Build Position (larger)$25-30Market panic or execution concerns. Could be 3-4x from here.
Back Up the Truck$15-2010x territory. Would require severe market dislocation or company-specific scare.

Key insight: SEI is the kind of company we want to own -- a real asset business with contracted revenue, positioned at a critical bottleneck in AI infrastructure. But we don't want to own it at any price. The 27% short interest tells us the stock is volatile and could give us a much better entry. Watch for: (1) a market correction, (2) a customer delay or cancellation, (3) an equipment delivery problem, or (4) a secondary offering that temporarily depresses the stock. Any of these could give us $30-40 entry, which is much more interesting than $53.

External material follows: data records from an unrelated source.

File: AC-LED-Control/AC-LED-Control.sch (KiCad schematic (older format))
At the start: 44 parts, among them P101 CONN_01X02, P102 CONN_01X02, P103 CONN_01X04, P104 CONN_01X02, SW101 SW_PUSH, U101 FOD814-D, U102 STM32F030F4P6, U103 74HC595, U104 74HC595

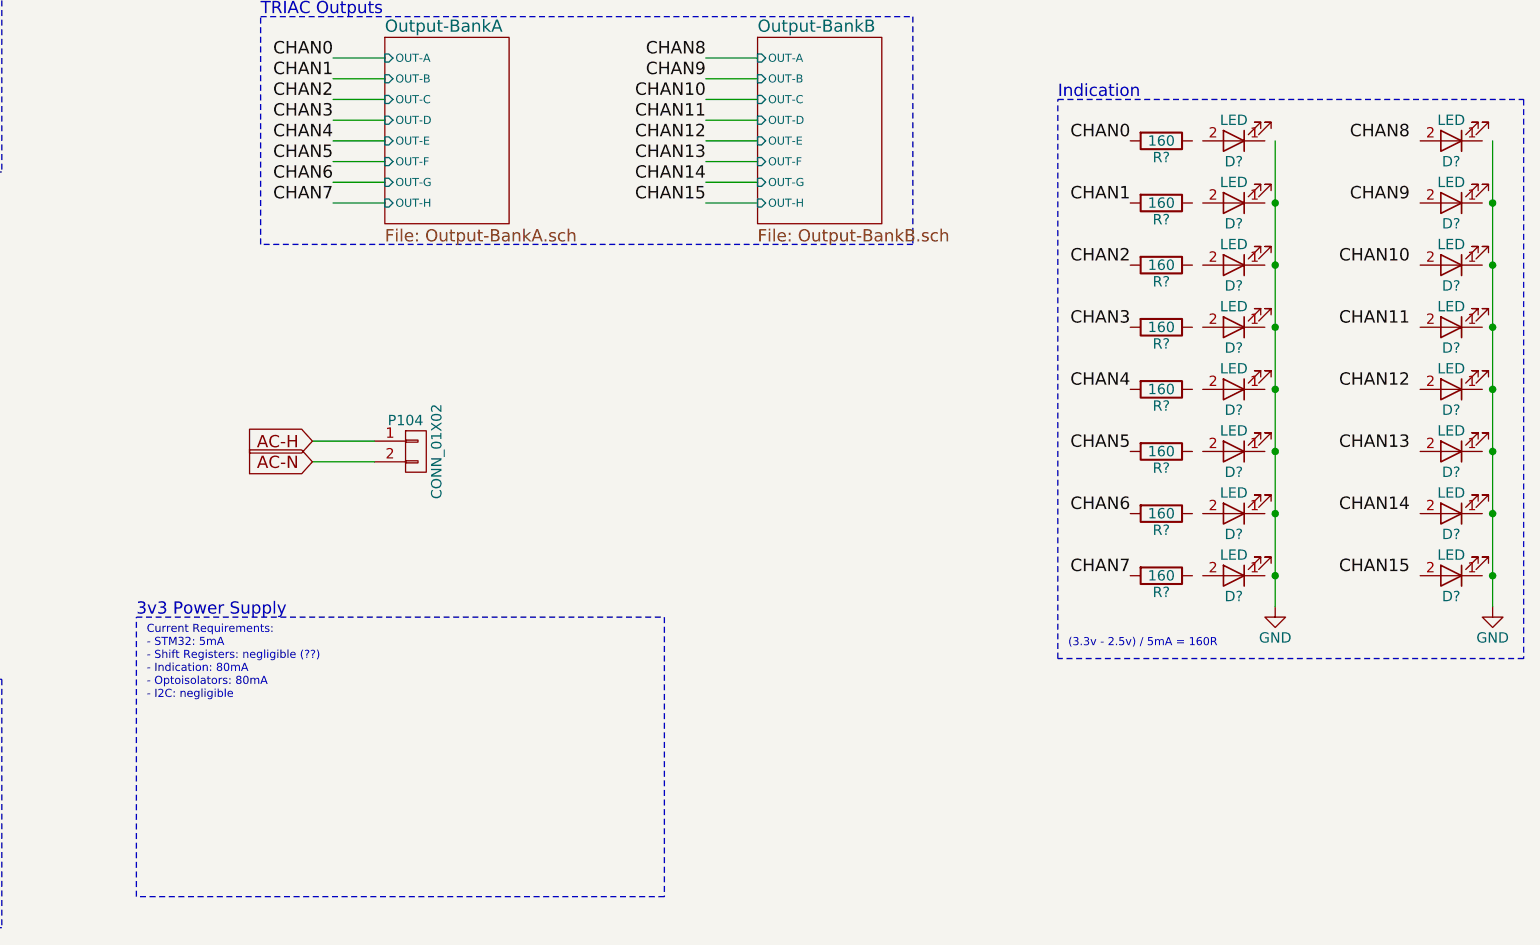
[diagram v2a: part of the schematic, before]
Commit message: Added 3v3 power regulator
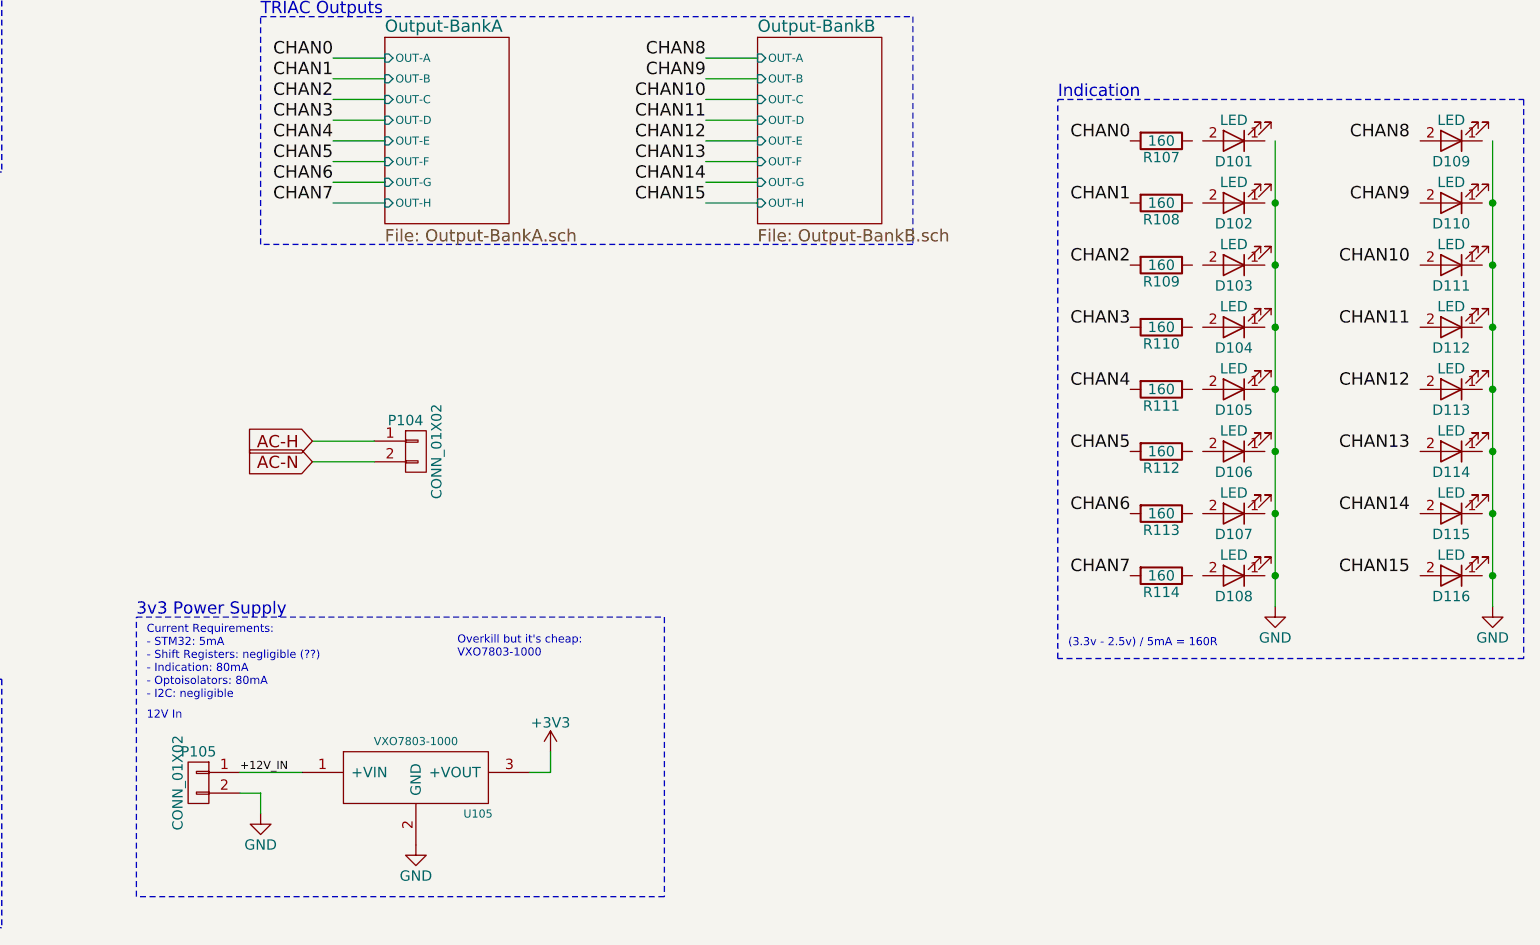
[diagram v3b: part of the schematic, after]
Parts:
- added P105: CONN_01X02, symbol CONN_01X02
- added U105: VXO7803-1000, symbol VXO7803-1000
- gave numbers to parts that had none: 24
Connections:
- net labels added: +12V_IN
- wire segments 54 -> 59
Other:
- note added: "12V In"
- note added: "Overkill but it's cheap:\nVXO7803-1000"

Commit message: Associated LEDs
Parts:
- D101, D102, D103, D104, D105, D106, D107, D108, D109, D110, D111, D112, D113, D114, D115, D116: footprint (none) -> LEDs:LED_0805
- R107, R108, R109, R110, R111, R112, R113, R114: footprint (none) -> Resistors_SMD:R_0603_HandSoldering
- U105: footprint (none) -> power_reg:VXO7803-1000

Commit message: Changed up isolation scheme and added BOM
Instead of isolating each of the TRIAC channels individually,
I changed it so the system uses an isolated power supply and isolates
itself from I2C as well.

Basic BOM was started as well.
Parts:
- removed P101, P102: CONN_01X02, Pin_Headers:Pin_Header_Straight_1x02, symbol CONN_01X02
- removed U105: VXO7803-1000, power_reg:VXO7803-1000, symbol VXO7803-1000
- added J? (x2): Conn_01x03, symbol Conn_01x03
- added P?: CONN_01X02, symbol CONN_01X02
- added R? (x2): 660, symbol R
- added U?: IE1203S, symbol IE1203S
- added U?: LTV-827, Housings_DIP:DIP-8_W7.62mm, symbol LTV-827
- D101, D102, D103, D104, D105, D106, D107, D108, D109, D110, D111, D112, D113, D114, D115, D116: symbol LED -> LED-RESCUE-AC-LED-Control
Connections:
- net +12V_IN: now also U?.1 (+VIN)
- net +3V3: now also R?.2, R?.2, U?.4 (+VOUT); no longer R104.1, R105.1
- net CHAN10: now also D111.2 (A)
- net CHAN11: now also D112.2 (A)
- net CHAN12: now also D113.2 (A)
- net CHAN13: now also D114.2 (A)
- net CHAN14: now also D115.2 (A)
- net CHAN15: now also D116.2 (A)
- net CHAN8: now also D109.2 (A)
- net CHAN9: now also D110.2 (A)
- net GND: now also D101.1 (K), D102.1 (K), D103.1 (K), D104.1 (K), D105.1 (K), D106.1 (K), D107.1 (K), D108.1 (K), D109.1 (K), D110.1 (K), D111.1 (K), D112.1 (K), D113.1 (K), D114.1 (K), D115.1 (K), D116.1 (K), U?.2, U?.3 (-VOUT), U?.4; no longer P105.2 (P2)
- net I2C_SCL: now also J?.1 (Pin_1), J?.1 (Pin_1), U?.8; no longer U102.17 (PA9)
- net I2C_SDA: now also J?.2 (Pin_2), J?.2 (Pin_2), U?.6; no longer U102.18 (PA10)
- net at R107.1: now also D101.2 (A)
- net at R108.1: now also D102.2 (A)
- net at R109.1: now also D103.2 (A)
- net at R110.1: now also D104.2 (A)
- net at R111.1: now also D105.2 (A)
- net at R112.1: now also D106.2 (A)
- net at R113.1: now also D107.2 (A)
- net at R114.1: now also D108.2 (A)
- new net 3v3_ISO: R104.1, R105.1
- new net 3v_ISO: P?.1 (P1)
- new net GND_IN: J?.3 (Pin_3), J?.3 (Pin_3), P105.2 (P2), P?.2 (P2), U?.2 (-VIN), U?.5, U?.7
- new net STM_SCL: R?.1, U102.17 (PA9), U?.1
- new net STM_SDA: R?.1, U102.18 (PA10), U?.3
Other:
- note added: "General Design Notes:\n- Anything touching AC should be isolated.\n- System is isolated from it's 12V power supply.\n- I2C is isolated."
- note added: "I2C"
- note added: "I2C is isolated, so there needs to be either:\na) other pullups\nb) other 3v3 power supply"
- note added: "Need isolation, found this:\nBT136S-600D,118"
- note removed: "I2C Connectors\n"
- note removed: "I2C Pullups do not have \nto be populated\nif pullups exist elsewhere."
- note removed: "Overkill but it's cheap:\nVXO7803-1000"
- moved on the sheet: P104, R103, R104, R105, SW101, U103, U104

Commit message: Modified some values for finding components
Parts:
- J101, J102: renamed from J?; footprint (none) -> Pin_Headers:Pin_Header_Straight_1x03_Pitch2.54mm
- P101: renamed from P?; footprint (none) -> Pin_Headers:Pin_Header_Straight_1x02_Pitch2.54mm
- P104, P105: footprint (none) -> Pin_Headers:Pin_Header_Straight_1x02_Pitch2.54mm
- R103: value 10K -> 16K
- R115, R116: renamed from R?; value 660 -> 680; footprint (none) -> Resistors_SMD:R_0603_HandSoldering
- gave numbers to parts that had none: 2
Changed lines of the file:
@@
 	1400 1750 1400 1850
 $Comp
-L GND #PWR02
+L GND #PWR01
 U 1 1 5B454DB5
 P 1400 1850
-F 0 "#PWR02" H 1400 1600 50  0001 C CNN
+F 0 "#PWR01" H 1400 1600 50  0001 C CNN
 F 1 "GND" H 1400 1700 50  0000 C CNN
 F 2 "" H 1400 1850 50  0000 C CNN
@@
 $EndComp
 $Comp
-L GND #PWR03
+L GND #PWR02
 U 1 1 5B454DF7
 P 1650 2900
-F 0 "#PWR03" H 1650 2650 50  0001 C CNN
+F 0 "#PWR02" H 1650 2650 50  0001 C CNN
 F 1 "GND" H 1650 2750 50  0000 C CNN
 F 2 "" H 1650 2900 50  0000 C CNN
@@
 $EndComp
 $Comp
-L GND #PWR04
+L GND #PWR03
 U 1 1 5B454F8F
 P 1350 3600
-F 0 "#PWR04" H 1350 3350 50  0001 C CNN
+F 0 "#PWR03" H 1350 3350 50  0001 C CNN
 F 1 "GND" H 1350 3450 50  0000 C CNN
 F 2 "" H 1350 3600 50  0000 C CNN
@@
 	7250 1100 7250 950
 $Comp
-L +3V3 #PWR05
+L +3V3 #PWR04
 U 1 1 5B455E79
 P 7250 950
-F 0 "#PWR05" H 7250 800 50  0001 C CNN
+F 0 "#PWR04" H 7250 800 50  0001 C CNN
 F 1 "+3V3" H 7250 1090 50  0000 C CNN
 F 2 "" H 7250 950 50  0000 C CNN
@@
 	7250 2200 7250 2350
 $Comp
-L GND #PWR06
+L GND #PWR05
 U 1 1 5B455F67
 P 7250 2350
-F 0 "#PWR06" H 7250 2100 50  0001 C CNN
+F 0 "#PWR05" H 7250 2100 50  0001 C CNN
 F 1 "GND" H 7250 2200 50  0000 C CNN
 F 2 "" H 7250 2350 50  0000 C CNN
@@
 	4650 1100 4650 950
 $Comp
-L +3V3 #PWR07
+L +3V3 #PWR06
 U 1 1 5B456028
 P 4650 950
-F 0 "#PWR07" H 4650 800 50  0001 C CNN
+F 0 "#PWR06" H 4650 800 50  0001 C CNN
 F 1 "+3V3" H 4650 1090 50  0000 C CNN
 F 2 "" H 4650 950 50  0000 C CNN
@@
 	4650 2200 4650 2350
 $Comp
-L GND #PWR08
+L GND #PWR07
 U 1 1 5B4560F7
 P 4650 2350
-F 0 "#PWR08" H 4650 2100 50  0001 C CNN
+F 0 "#PWR07" H 4650 2100 50  0001 C CNN
 F 1 "GND" H 4650 2200 50  0000 C CNN
 F 2 "" H 4650 2350 50  0000 C CNN
@@
 	850  4750 850  4650
 $Comp
-L +3V3 #PWR09
+L +3V3 #PWR08
 U 1 1 5B4571F5
 P 850 4350
-F 0 "#PWR09" H 850 4200 50  0001 C CNN
+F 0 "#PWR08" H 850 4200 50  0001 C CNN
 F 1 "+3V3" H 850 4490 50  0000 C CNN
 F 2 "" H 850 4350 50  0000 C CNN
@@
 P 850 4500
 F 0 "R103" V 930 4500 50  0000 C CNN
-F 1 "10K" V 850 4500 50  0000 C CNN
+F 1 "16K" V 850 4500 50  0000 C CNN
 F 2 "Resistors_SMD:R_0603_HandSoldering" V 780 4500 50  0001 C CNN
 F 3 "" H 850 4500 50  0000 C CNN
@@
 $EndComp
 $Comp
-L GND #PWR010
+L GND #PWR09
 U 1 1 5B4575F8
 P 850 5350
-F 0 "#PWR010" H 850 5100 50  0001 C CNN
+F 0 "#PWR09" H 850 5100 50  0001 C CNN
 F 1 "GND" H 850 5200 50  0000 C CNN
 F 2 "" H 850 5350 50  0000 C CNN
@@
 	800  1000 800  1250
 $Comp
-L GND #PWR011
+L GND #PWR010
 U 1 1 5B45876A
 P 800 1250
-F 0 "#PWR011" H 800 1000 50  0001 C CNN
+F 0 "#PWR010" H 800 1000 50  0001 C CNN
 F 1 "GND" H 800 1100 50  0000 C CNN
 F 2 "" H 800 1250 50  0000 C CNN
@@
 	3300 2800 3300 2700
 $Comp
-L +3V3 #PWR012
+L +3V3 #PWR011
 U 1 1 5B4593A7
 P 3300 2700
-F 0 "#PWR012" H 3300 2550 50  0001 C CNN
+F 0 "#PWR011" H 3300 2550 50  0001 C CNN
 F 1 "+3V3" H 3300 2840 50  0000 C CNN
 F 2 "" H 3300 2700 50  0000 C CNN
@@
 	2900 2900 2900 3000
 $Comp
-L GND #PWR013
+L GND #PWR012
 U 1 1 5B459412
 P 2900 3000
-F 0 "#PWR013" H 2900 2750 50  0001 C CNN
+F 0 "#PWR012" H 2900 2750 50  0001 C CNN
 F 1 "GND" H 2900 2850 50  0000 C CNN
 F 2 "" H 2900 3000 50  0000 C CNN
@@
 $EndComp
 $Comp
-L +3V3 #PWR014
+L +3V3 #PWR013
 U 1 1 5B463D3E
 P 2650 6500
-F 0 "#PWR014" H 2650 6350 50  0001 C CNN
+F 0 "#PWR013" H 2650 6350 50  0001 C CNN
 F 1 "+3V3" H 2650 6640 50  0000 C CNN
 F 2 "" H 2650 6500 50  0000 C CNN
@@
 	2650 7200 2650 7300
 $Comp
-L GND #PWR015
+L GND #PWR014
 U 1 1 5B464157
 P 2650 7300
-F 0 "#PWR015" H 2650 7050 50  0001 C CNN
+F 0 "#PWR014" H 2650 7050 50  0001 C CNN
 F 1 "GND" H 2650 7150 50  0000 C CNN
 F 2 "" H 2650 7300 50  0000 C CNN
@@
 Connection ~ 1150 1650
 $Comp
-L +3V3 #PWR016
+L +3V3 #PWR015
 U 1 1 5B465D50
 P 950 1650
-F 0 "#PWR016" H 950 1500 50  0001 C CNN
+F 0 "#PWR015" H 950 1500 50  0001 C CNN
 F 1 "+3V3" H 950 1790 50  0000 C CNN
 F 2 "" H 950 1650 50  0000 C CNN
@@
 F 0 "P104" H 7550 4800 50  0000 C CNN
 F 1 "CONN_01X02" V 7700 4650 50  0000 C CNN
-F 2 "" H 7600 4650 50  0001 C CNN
+F 2 "Pin_Headers:Pin_Header_Straight_1x02_Pitch2.54mm" H 7600 4650 50  0001 C CNN
 F 3 "" H 7600 4650 50  0000 C CNN
 	1    7600 4650
@@
 	9650 3700 9650 5950
 $Comp
-L GND #PWR017
+L GND #PWR016
 U 1 1 5B48AF70
 P 9650 5950
-F 0 "#PWR017" H 9650 5700 50  0001 C CNN
+F 0 "#PWR016" H 9650 5700 50  0001 C CNN
 F 1 "GND" H 9650 5800 50  0000 C CNN
 F 2 "" H 9650 5950 50  0000 C CNN
@@
 	10700 3700 10700 5950
 $Comp
-L GND #PWR018
+L GND #PWR017
 U 1 1 5B48B7DB
 P 10700 5950
-F 0 "#PWR018" H 10700 5700 50  0001 C CNN
+F 0 "#PWR017" H 10700 5700 50  0001 C CNN
 F 1 "GND" H 10700 5800 50  0000 C CNN
 F 2 "" H 10700 5950 50  0000 C CNN
@@
 Need isolation, found this:\nBT136S-600D,118
 $Comp
-L +3V3 #PWR020
+L +3V3 #PWR018
 U 1 1 5B49AE2D
 P 6150 6650
-F 0 "#PWR020" H 6150 6500 50  0001 C CNN
+F 0 "#PWR018" H 6150 6500 50  0001 C CNN
 F 1 "+3V3" H 6150 6790 50  0000 C CNN
 F 2 "" H 6150 6650 50  0000 C CNN
@@
 F 0 "P105" H 4450 6950 50  0000 C CNN
 F 1 "CONN_01X02" V 4550 6800 50  0000 C CNN
-F 2 "" H 4450 6800 50  0001 C CNN
+F 2 "Pin_Headers:Pin_Header_Straight_1x02_Pitch2.54mm" H 4450 6800 50  0001 C CNN
 F 3 "" H 4450 6800 50  0000 C CNN
 	1    4450 6800
@@
 S 5800 2900 600  900
 U 5B5700D7
-F0 "Output-BankA" 59
-F1 "Output-BankA.sch" 59
+F0 "Output-BankB" 59
+F1 "Output-BankB.sch" 59
 F2 "OUT-A" I L 5800 3000 39
 F3 "OUT-B" I L 5800 3100 39
@@
 $EndSheet
 $Comp
-L IE1203S U?
+L IE1203S U106
 U 1 1 5B571F37
 P 5500 6750
-F 0 "U?" H 5500 6550 59  0000 C CNN
+F 0 "U106" H 5500 6550 59  0000 C CNN
 F 1 "IE1203S" H 5500 6850 59  0000 C CNN
-F 2 "" H 5500 6750 39  0000 C CNN
+F 2 "" H 5500 6750 39  0001 C CNN
 F 3 "" H 5500 6750 39  0000 C CNN
 	1    5500 6750
@@
 	6050 6850 6150 6850
 $Comp
-L GND #PWR?
+L GND #PWR019
 U 1 1 5B572609
 P 6150 6950
-F 0 "#PWR?" H 6150 6700 50  0001 C CNN
+F 0 "#PWR019" H 6150 6700 50  0001 C CNN
 F 1 "GND" H 6150 6800 50  0000 C CNN
 F 2 "" H 6150 6950 50  0001 C CNN
@@
 3v3_ISO
 $Comp
-L CONN_01X02 P?
+L CONN_01X02 P101
 U 1 1 5B57404C
 P 2300 4350
-F 0 "P?" H 2300 4500 50  0000 C CNN
+F 0 "P101" H 2300 4500 50  0000 C CNN
 F 1 "CONN_01X02" V 2400 4350 50  0000 C CNN
-F 2 "" H 2300 4350 50  0000 C CNN
+F 2 "Pin_Headers:Pin_Header_Straight_1x02_Pitch2.54mm" H 2300 4350 50  0001 C CNN
 F 3 "" H 2300 4350 50  0000 C CNN
 	1    2300 4350
@@
 	2800 5600 2800 4100
 $Comp
-L Conn_01x03 J?
+L Conn_01x03 J101
 U 1 1 5B57569C
 P 6300 4750
-F 0 "J?" H 6300 4950 50  0000 C CNN
+F 0 "J101" H 6300 4950 50  0000 C CNN
 F 1 "Conn_01x03" H 6300 4550 50  0000 C CNN
-F 2 "" H 6300 4750 50  0001 C CNN
+F 2 "Pin_Headers:Pin_Header_Straight_1x03_Pitch2.54mm" H 6300 4750 50  0001 C CNN
 F 3 "" H 6300 4750 50  0001 C CNN
 	1    6300 4750
@@
 $EndComp
 $Comp
-L Conn_01x03 J?
+L Conn_01x03 J102
 U 1 1 5B5757A9
 P 6300 5300
-F 0 "J?" H 6300 5500 50  0000 C CNN
+F 0 "J102" H 6300 5500 50  0000 C CNN
 F 1 "Conn_01x03" H 6300 5100 50  0000 C CNN
-F 2 "" H 6300 5300 50  0001 C CNN
+F 2 "Pin_Headers:Pin_Header_Straight_1x03_Pitch2.54mm" H 6300 5300 50  0001 C CNN
 F 3 "" H 6300 5300 50  0001 C CNN
 	1    6300 5300
@@
 STM_SDA
 $Comp
-L LTV-827 U?
+L LTV-827 U105
 U 1 1 5B5788E8
 P 4950 5250
-F 0 "U?" H 4750 5650 50  0000 L CNN
+F 0 "U105" H 4750 5650 50  0000 L CNN
 F 1 "LTV-827" H 4950 5650 50  0000 L CNN
 F 2 "Housings_DIP:DIP-8_W7.62mm" H 4750 4900 50  0001 L CIN
@@
 I2C
 $Comp
-L R R?
+L R R115
 U 1 1 5B57907C
 P 4050 4750
-F 0 "R?" V 4130 4750 50  0000 C CNN
-F 1 "660" V 4050 4750 50  0000 C CNN
-F 2 "" V 3980 4750 50  0001 C CNN
+F 0 "R115" V 4130 4750 50  0000 C CNN
+F 1 "680" V 4050 4750 50  0000 C CNN
+F 2 "Resistors_SMD:R_0603_HandSoldering" V 3980 4750 50  0001 C CNN
 F 3 "" H 4050 4750 50  0001 C CNN
 	1    4050 4750
@@
 $EndComp
 $Comp
-L R R?
+L R R116
 U 1 1 5B579225
 P 4300 4750
-F 0 "R?" V 4380 4750 50  0000 C CNN
-F 1 "660" V 4300 4750 50  0000 C CNN
-F 2 "" V 4230 4750 50  0001 C CNN
+F 0 "R116" V 4380 4750 50  0000 C CNN
+F 1 "680" V 4300 4750 50  0000 C CNN
+F 2 "Resistors_SMD:R_0603_HandSoldering" V 4230 4750 50  0001 C CNN
 F 3 "" H 4300 4750 50  0001 C CNN
 	1    4300 4750
@@
 	3450 4450 3450 5650
 $Comp
-L GND #PWR?
+L GND #PWR020
 U 1 1 5B57B922
 P 4500 5450
-F 0 "#PWR?" H 4500 5200 50  0001 C CNN
+F 0 "#PWR020" H 4500 5200 50  0001 C CNN
 F 1 "GND" H 4500 5300 50  0000 C CNN
 F 2 "" H 4500 5450 50  0001 C CNN
@@
 Connection ~ 4050 4600
 $Comp
-L +3V3 #PWR?
+L +3V3 #PWR021
 U 1 1 5B57CBCB
 P 3850 4600
-F 0 "#PWR?" H 3850 4450 50  0001 C CNN
+F 0 "#PWR021" H 3850 4450 50  0001 C CNN
 F 1 "+3V3" H 3850 4740 50  0000 C CNN
 F 2 "" H 3850 4600 50  0001 C CNN

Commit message: Finished final associations and tweaks
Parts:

12. SEI vs. CORZ -- Two Paths to AI Power

DimensionSEI (Solaris Energy)CORZ (Core Scientific)
Business ModelEquipment owner/lessor (distributed power gen)Data center operator (colocation/hosting)
Asset TypePower generators (mobile, modular)Data centers + power infrastructure (fixed)
Revenue ModelOperating leases (7-10yr terms)Colocation fees + power pass-through
Leopold Position1.6% of portfolio, passive7.6% of portfolio, activist (13D, 9.4% ownership)
Revenue (FY2025)$622M (+99%)$319M (-38%)
EBITDA (FY2025)~$220M~$110M
Market Cap$3.8B$5.1B
Contracted Revenue$2.2B in future lease pmts$556M deferred revenue
Power Capacity2,200 MW target (by 2028)1.4 GW (920 MW leasable)
Key RiskCustomer concentration (88% from 1)Mining-to-hosting pivot execution
Short Interest27.3%~10%
RelationshipPotentially complementary: SEI provides power TO data centers like CORZ. Leopold may see them as vertically connected -- SEI generates the power, CORZ consumes it.